## PROBLEM TO WORK ON
Set down the line that has "1) x (1, 0, 0)" and each line beneath it, through the last line of the entries, exactly and with no others.

*** Opening of EXERCISE DATA ***

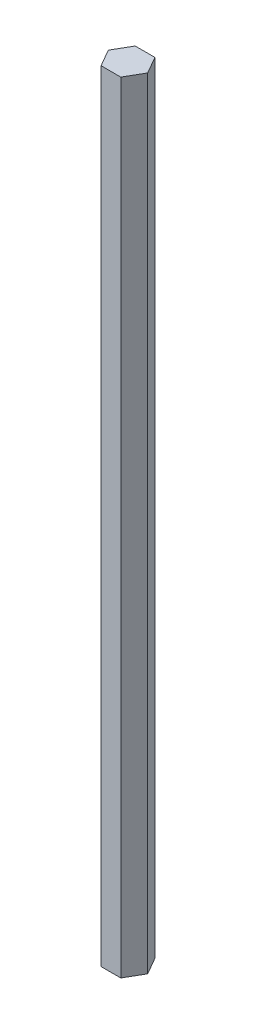
SolidWorks part; units mm, degrees
material "6061-T6 (SS)"
ref_plane "Front" through (0, 0, 0) normal (0, 0, 1) x (1, 0, 0)
ref_plane "Top" through (0, 0, 0) normal (0, 1, 0) x (1, 0, 0)
ref_plane "Right" through (0, 0, 0) normal (1, 0, 0) x (0, 0, -1)
sketch "Sketch1" plane through (0, 0, 0) normal (0, 1, 0) x (1, 0, 0)
  line L1 (2.8868, 0) -> (1.4434, 2.5)
  line L2 (1.4434, 2.5) -> (-1.4434, 2.5)
  line L3 (-1.4434, 2.5) -> (-2.8868, 0)
  line L4 (-2.8868, 0) -> (-1.4434, -2.5)
  line L5 (-1.4434, -2.5) -> (1.4434, -2.5)
  line L6 (1.4434, -2.5) -> (2.8868, 0)
  circle A0 centre (0, 0) radius 2.5 construction
  dimension "D1" = 5
extrude "Boss-Extrude1" add sketch "Sketch1" along normal mid plane 114.3
ref_axis "Axis1" through (0, 49.5981, 0) along (0, -1, 0)

*** Close of EXERCISE DATA ***

## SOLUTION TO THE PROBLEM
ref_plane "Front" through (0, 0, 0) normal (0, 0, 1) x (1, 0, 0)
ref_plane "Top" through (0, 0, 0) normal (0, 1, 0) x (1, 0, 0)
ref_plane "Right" through (0, 0, 0) normal (1, 0, 0) x (0, 0, -1)
sketch "Sketch1" plane through (0, 0, 0) normal (0, 1, 0) x (1, 0, 0)
  line L1 (2.8868, 0) -> (1.4434, 2.5)
  line L2 (1.4434, 2.5) -> (-1.4434, 2.5)
  line L3 (-1.4434, 2.5) -> (-2.8868, 0)
  line L4 (-2.8868, 0) -> (-1.4434, -2.5)
  line L5 (-1.4434, -2.5) -> (1.4434, -2.5)
  line L6 (1.4434, -2.5) -> (2.8868, 0)
  circle A0 centre (0, 0) radius 2.5 construction
  dimension "D1" = 5
extrude "Boss-Extrude1" add sketch "Sketch1" along normal mid plane 114.3
ref_axis "Axis1" through (0, 49.5981, 0) along (0, -1, 0)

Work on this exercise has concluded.